Still, not all uncertainties are covered by the evaluated models, which is due to the confusion between the classes 2 to 4. This can easily be seen by shrinking the classifi-cation task to a binary problem. In this case, self-reported CW level 1 is interpreted

as no CW. All remaining levels are taken as present CW. With this new binary target average accuracy in 10-fold CV across all classifiers is found to be 90.22±4.06 %.

Considering the binary classification task, the ranking of the tested classifiers remains mainly unchanged. However, in the binary setting, GP outperforms SVM and KNN.

Again, the difference between SVM and GP (0.7 %) is minimal with respect to the variability found within the CV (1.1 %). In contrast to the fine-grained tasks, the NB and DT-based models also provided acceptable classification results. The accuracy found with NB or DT is 85.10±1.44 % or 87.51±2.17 %, respectively.

The absolute distance between the 2 lowest-ranked classifiers (NB, DT) and the 3 top-ranked classifiers (SVM, KNN, GP) is lower in the binary task (6.53 %) compared to the fine-grained task (16.41 %). This indicates that the mid-level CW variation dominates the complexity of the classification. This assumption is also supported, connecting it to the results found with the LOGO CV, where the mean accuracy is 82.21±1.25 %.

The best results are found with the GP or SVM (absolute difference in accuracy is 0.05 %).
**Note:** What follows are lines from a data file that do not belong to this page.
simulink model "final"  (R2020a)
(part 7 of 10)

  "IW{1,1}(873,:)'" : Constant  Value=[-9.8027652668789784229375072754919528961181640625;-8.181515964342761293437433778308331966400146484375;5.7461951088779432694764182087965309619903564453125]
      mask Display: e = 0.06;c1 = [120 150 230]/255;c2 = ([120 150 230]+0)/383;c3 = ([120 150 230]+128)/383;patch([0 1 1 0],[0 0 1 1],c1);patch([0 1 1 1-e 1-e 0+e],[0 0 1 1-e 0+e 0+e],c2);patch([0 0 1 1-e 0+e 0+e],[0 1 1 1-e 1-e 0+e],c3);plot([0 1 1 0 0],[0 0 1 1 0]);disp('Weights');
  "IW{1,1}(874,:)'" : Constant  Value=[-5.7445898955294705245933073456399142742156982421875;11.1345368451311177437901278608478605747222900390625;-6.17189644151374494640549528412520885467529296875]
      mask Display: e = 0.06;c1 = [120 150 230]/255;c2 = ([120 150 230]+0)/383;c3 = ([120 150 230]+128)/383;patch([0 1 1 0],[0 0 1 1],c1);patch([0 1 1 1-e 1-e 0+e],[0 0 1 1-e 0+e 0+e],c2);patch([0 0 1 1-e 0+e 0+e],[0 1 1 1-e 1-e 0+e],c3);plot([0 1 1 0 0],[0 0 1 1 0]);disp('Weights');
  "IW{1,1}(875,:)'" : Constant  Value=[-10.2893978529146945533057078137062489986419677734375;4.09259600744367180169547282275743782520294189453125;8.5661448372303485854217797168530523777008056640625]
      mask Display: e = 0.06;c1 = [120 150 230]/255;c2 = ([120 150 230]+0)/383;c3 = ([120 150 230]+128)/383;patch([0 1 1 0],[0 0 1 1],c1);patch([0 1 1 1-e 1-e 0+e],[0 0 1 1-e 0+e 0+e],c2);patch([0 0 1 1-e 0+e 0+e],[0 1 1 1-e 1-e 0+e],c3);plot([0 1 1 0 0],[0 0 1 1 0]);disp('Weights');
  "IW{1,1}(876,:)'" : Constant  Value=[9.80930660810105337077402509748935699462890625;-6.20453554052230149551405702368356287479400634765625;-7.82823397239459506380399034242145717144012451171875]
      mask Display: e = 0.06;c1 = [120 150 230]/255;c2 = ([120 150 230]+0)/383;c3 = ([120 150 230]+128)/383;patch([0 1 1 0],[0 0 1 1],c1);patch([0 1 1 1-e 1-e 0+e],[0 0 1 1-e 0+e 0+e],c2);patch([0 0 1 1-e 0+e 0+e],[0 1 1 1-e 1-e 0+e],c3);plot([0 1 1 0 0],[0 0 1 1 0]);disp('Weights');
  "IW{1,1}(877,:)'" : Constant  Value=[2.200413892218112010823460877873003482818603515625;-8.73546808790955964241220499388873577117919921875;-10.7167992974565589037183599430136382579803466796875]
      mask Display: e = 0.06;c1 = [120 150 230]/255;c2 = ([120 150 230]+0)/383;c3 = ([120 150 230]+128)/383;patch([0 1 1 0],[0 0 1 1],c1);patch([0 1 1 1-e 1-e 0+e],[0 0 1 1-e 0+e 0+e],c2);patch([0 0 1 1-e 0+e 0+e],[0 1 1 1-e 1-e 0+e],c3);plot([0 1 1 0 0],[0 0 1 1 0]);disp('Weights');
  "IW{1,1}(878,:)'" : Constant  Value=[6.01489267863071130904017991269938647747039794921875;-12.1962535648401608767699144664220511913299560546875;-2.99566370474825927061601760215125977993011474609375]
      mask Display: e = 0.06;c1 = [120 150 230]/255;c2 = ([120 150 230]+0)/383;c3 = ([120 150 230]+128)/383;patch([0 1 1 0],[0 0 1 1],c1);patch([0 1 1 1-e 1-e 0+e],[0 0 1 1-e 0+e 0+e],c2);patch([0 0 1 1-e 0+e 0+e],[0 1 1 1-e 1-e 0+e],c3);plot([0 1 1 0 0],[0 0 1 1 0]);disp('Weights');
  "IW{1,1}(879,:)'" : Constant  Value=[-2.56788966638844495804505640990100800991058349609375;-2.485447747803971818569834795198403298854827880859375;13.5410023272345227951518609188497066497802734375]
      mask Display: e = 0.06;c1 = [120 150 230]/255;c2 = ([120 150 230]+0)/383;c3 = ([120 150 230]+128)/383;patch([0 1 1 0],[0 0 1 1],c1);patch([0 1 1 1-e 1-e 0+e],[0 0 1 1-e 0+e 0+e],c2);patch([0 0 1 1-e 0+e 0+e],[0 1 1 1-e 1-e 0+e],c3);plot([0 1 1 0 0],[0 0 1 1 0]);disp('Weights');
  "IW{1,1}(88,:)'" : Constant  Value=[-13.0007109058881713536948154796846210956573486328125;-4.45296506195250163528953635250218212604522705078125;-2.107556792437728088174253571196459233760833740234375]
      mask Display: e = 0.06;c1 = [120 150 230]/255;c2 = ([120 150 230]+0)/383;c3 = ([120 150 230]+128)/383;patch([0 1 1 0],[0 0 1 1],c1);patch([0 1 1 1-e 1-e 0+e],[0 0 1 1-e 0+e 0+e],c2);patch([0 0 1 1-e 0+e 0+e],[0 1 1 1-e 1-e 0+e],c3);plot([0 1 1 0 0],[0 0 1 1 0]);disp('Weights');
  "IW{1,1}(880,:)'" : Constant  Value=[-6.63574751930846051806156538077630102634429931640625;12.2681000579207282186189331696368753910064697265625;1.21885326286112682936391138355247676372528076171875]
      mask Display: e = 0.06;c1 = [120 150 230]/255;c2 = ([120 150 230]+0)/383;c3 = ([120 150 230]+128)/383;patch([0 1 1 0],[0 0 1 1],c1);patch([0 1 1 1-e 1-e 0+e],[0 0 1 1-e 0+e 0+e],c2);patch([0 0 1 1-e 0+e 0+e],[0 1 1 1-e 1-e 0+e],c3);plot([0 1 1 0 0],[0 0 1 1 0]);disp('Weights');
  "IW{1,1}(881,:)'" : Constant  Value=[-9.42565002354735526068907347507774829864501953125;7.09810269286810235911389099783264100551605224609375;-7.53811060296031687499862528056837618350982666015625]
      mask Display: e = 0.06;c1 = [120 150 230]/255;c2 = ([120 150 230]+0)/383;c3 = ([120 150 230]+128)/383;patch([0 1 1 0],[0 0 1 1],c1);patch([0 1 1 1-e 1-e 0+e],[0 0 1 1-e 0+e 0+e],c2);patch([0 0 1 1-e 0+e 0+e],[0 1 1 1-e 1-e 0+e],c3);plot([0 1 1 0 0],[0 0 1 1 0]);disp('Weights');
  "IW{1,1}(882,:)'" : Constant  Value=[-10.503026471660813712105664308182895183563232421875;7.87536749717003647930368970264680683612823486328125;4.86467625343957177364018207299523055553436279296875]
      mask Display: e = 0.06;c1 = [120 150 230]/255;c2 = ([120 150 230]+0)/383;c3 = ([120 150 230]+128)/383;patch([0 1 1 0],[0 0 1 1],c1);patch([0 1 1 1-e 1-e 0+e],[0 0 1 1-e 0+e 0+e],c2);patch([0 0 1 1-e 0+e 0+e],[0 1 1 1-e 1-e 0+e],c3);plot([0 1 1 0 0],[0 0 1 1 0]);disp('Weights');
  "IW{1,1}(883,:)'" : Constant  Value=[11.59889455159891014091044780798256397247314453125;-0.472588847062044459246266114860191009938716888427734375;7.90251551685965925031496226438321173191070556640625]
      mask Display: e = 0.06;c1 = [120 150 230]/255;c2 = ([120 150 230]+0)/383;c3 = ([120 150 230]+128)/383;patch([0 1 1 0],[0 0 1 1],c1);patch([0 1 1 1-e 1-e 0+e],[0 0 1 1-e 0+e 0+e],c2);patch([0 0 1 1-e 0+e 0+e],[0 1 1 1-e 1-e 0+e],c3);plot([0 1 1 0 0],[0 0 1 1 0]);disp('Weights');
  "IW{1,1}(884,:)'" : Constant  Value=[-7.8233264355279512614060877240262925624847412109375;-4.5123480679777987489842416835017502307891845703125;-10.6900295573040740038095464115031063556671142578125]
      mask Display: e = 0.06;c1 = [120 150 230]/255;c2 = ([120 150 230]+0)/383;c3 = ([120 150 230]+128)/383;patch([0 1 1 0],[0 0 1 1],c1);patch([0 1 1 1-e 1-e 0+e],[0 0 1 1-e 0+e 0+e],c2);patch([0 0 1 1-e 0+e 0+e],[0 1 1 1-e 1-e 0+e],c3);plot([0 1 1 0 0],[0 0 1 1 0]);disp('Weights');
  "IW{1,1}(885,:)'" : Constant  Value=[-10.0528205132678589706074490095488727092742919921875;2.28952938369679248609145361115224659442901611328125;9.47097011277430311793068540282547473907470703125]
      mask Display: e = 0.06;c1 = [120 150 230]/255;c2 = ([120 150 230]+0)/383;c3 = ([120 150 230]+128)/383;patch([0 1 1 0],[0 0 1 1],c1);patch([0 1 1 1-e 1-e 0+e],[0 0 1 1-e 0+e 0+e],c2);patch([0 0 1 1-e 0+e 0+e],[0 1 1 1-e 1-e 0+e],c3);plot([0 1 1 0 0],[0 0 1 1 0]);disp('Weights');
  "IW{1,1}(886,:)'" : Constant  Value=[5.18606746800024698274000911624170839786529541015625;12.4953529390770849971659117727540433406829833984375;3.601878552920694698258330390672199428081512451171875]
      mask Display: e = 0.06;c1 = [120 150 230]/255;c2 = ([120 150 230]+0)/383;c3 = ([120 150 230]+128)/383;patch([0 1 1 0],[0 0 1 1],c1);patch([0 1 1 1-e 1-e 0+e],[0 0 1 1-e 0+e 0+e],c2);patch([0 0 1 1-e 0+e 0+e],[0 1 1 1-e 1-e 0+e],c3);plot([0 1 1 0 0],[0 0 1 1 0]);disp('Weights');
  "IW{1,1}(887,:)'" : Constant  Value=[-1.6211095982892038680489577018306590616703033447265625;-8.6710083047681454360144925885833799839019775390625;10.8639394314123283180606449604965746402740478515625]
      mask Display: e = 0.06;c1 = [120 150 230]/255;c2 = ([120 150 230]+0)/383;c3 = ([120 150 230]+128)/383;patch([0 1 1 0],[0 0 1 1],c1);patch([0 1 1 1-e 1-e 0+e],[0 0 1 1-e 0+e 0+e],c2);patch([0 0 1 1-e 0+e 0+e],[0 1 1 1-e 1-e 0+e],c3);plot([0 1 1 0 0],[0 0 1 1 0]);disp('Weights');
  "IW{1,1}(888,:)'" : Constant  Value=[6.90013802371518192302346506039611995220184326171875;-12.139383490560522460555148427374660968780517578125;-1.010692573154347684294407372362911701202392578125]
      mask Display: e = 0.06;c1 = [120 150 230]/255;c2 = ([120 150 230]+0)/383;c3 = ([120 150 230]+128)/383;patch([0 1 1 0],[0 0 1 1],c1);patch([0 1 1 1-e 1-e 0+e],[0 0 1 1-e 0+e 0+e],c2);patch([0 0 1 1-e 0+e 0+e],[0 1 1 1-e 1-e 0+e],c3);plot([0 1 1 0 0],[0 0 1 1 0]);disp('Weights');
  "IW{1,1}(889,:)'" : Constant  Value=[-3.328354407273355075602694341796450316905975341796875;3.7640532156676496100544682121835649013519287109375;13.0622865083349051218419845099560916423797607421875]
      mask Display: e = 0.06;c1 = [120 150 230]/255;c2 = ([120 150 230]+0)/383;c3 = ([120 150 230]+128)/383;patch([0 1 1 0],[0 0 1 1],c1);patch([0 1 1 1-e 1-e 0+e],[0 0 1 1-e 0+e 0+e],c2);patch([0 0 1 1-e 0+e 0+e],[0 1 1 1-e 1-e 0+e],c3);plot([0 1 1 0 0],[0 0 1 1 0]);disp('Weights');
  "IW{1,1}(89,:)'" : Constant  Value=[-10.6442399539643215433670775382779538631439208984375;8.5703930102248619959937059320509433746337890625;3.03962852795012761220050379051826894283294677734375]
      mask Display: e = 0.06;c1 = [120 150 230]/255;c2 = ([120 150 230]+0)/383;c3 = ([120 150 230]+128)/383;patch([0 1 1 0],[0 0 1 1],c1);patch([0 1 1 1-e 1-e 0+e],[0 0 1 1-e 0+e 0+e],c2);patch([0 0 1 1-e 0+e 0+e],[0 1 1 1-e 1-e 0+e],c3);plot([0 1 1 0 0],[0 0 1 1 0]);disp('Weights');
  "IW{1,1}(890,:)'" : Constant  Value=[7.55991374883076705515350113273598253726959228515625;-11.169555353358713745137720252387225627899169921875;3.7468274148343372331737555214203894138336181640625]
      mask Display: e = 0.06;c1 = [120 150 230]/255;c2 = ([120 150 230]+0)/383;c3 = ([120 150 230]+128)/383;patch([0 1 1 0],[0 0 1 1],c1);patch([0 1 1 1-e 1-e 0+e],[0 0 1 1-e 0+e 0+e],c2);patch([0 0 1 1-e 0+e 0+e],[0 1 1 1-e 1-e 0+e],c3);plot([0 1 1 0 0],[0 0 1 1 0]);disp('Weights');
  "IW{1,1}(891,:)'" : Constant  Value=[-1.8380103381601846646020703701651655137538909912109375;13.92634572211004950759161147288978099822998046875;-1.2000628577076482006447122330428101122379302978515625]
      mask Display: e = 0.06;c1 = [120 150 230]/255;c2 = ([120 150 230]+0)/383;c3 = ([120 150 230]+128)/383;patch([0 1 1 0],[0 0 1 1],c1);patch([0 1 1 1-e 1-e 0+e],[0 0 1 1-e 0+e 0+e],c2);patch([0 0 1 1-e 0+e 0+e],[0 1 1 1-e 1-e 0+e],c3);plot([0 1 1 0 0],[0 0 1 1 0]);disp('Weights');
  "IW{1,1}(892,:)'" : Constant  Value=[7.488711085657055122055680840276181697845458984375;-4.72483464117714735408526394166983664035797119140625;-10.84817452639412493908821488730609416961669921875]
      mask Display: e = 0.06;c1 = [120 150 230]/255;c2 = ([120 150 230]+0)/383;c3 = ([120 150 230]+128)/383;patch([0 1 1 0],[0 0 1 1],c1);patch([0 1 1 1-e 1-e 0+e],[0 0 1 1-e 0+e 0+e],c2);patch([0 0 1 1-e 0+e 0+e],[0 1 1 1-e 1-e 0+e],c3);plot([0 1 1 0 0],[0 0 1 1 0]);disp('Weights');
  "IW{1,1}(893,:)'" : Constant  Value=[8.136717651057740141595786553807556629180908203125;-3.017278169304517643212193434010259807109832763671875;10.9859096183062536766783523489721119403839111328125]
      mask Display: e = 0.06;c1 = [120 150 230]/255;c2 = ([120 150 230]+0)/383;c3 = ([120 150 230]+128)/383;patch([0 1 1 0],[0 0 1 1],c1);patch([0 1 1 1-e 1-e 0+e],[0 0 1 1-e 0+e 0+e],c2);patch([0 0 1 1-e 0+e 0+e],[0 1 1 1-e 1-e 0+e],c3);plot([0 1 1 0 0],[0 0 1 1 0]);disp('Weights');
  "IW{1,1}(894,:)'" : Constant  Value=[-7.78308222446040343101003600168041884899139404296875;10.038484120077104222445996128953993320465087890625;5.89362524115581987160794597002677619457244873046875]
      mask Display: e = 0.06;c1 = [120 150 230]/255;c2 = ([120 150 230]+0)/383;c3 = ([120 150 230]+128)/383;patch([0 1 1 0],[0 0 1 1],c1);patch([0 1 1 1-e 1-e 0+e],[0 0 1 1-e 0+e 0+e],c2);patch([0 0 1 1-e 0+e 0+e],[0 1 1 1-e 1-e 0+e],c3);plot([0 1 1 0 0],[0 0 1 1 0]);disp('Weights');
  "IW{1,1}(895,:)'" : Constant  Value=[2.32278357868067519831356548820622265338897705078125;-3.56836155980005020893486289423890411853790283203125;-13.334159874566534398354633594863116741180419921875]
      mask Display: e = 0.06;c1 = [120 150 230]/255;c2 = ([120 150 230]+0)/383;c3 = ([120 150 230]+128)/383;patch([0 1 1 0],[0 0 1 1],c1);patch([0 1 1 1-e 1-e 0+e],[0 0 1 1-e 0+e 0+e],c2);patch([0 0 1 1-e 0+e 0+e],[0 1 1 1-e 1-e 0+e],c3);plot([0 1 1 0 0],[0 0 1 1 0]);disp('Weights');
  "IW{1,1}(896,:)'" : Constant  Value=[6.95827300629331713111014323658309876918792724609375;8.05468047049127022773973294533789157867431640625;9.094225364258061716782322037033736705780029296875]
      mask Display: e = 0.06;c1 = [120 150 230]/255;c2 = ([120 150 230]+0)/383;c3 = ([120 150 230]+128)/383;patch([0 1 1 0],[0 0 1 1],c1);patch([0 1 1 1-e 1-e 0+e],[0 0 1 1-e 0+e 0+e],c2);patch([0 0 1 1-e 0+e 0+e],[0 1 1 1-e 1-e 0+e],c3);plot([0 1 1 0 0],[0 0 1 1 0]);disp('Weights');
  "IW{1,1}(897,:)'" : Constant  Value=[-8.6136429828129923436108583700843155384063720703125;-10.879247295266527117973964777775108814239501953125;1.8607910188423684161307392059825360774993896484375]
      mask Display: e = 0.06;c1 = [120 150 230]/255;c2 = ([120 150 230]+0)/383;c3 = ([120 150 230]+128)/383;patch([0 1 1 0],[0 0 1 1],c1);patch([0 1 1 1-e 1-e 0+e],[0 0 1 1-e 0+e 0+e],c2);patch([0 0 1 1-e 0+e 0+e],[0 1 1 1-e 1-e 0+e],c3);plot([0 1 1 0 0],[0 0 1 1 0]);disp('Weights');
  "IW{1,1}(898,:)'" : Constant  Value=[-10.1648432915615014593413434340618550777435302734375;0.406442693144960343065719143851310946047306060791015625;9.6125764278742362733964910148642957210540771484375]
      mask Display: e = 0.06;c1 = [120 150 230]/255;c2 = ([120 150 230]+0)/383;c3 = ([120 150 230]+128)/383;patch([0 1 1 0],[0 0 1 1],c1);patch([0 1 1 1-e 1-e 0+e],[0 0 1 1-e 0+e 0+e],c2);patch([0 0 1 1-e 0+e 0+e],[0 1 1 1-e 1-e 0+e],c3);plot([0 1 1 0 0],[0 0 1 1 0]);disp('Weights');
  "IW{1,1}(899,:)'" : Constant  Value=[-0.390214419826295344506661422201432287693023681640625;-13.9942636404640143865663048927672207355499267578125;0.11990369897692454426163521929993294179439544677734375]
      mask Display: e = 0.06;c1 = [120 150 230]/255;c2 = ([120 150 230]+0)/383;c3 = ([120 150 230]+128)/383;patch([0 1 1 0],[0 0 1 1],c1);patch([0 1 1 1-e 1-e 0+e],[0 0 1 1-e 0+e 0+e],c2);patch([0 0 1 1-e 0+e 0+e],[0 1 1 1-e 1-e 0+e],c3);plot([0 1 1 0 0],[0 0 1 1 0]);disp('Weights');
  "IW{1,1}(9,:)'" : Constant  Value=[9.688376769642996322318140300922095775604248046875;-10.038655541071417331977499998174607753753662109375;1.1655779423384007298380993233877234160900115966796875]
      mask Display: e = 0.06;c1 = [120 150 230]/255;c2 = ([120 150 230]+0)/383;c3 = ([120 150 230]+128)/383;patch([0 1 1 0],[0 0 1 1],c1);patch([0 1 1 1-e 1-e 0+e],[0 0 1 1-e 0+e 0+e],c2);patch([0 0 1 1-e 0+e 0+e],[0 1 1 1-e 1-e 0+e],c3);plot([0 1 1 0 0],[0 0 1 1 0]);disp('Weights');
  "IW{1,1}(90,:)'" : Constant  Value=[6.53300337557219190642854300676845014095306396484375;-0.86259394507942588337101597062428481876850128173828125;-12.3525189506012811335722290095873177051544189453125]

Compared to the 10-fold CV, that is a difference of 8.01 % or a percentage deterioration of 9.29 %. Again, this highlights the assumption made on the confusion in the mid-level CW classes.

By relaxing the fine-grained constraint, and thus separate binary targets only, the estimation is improved and comparable to that found with 10-fold CV. This result also suggests that it is possible to generalization across a more diverse set of participants, even without using personalized characteristics.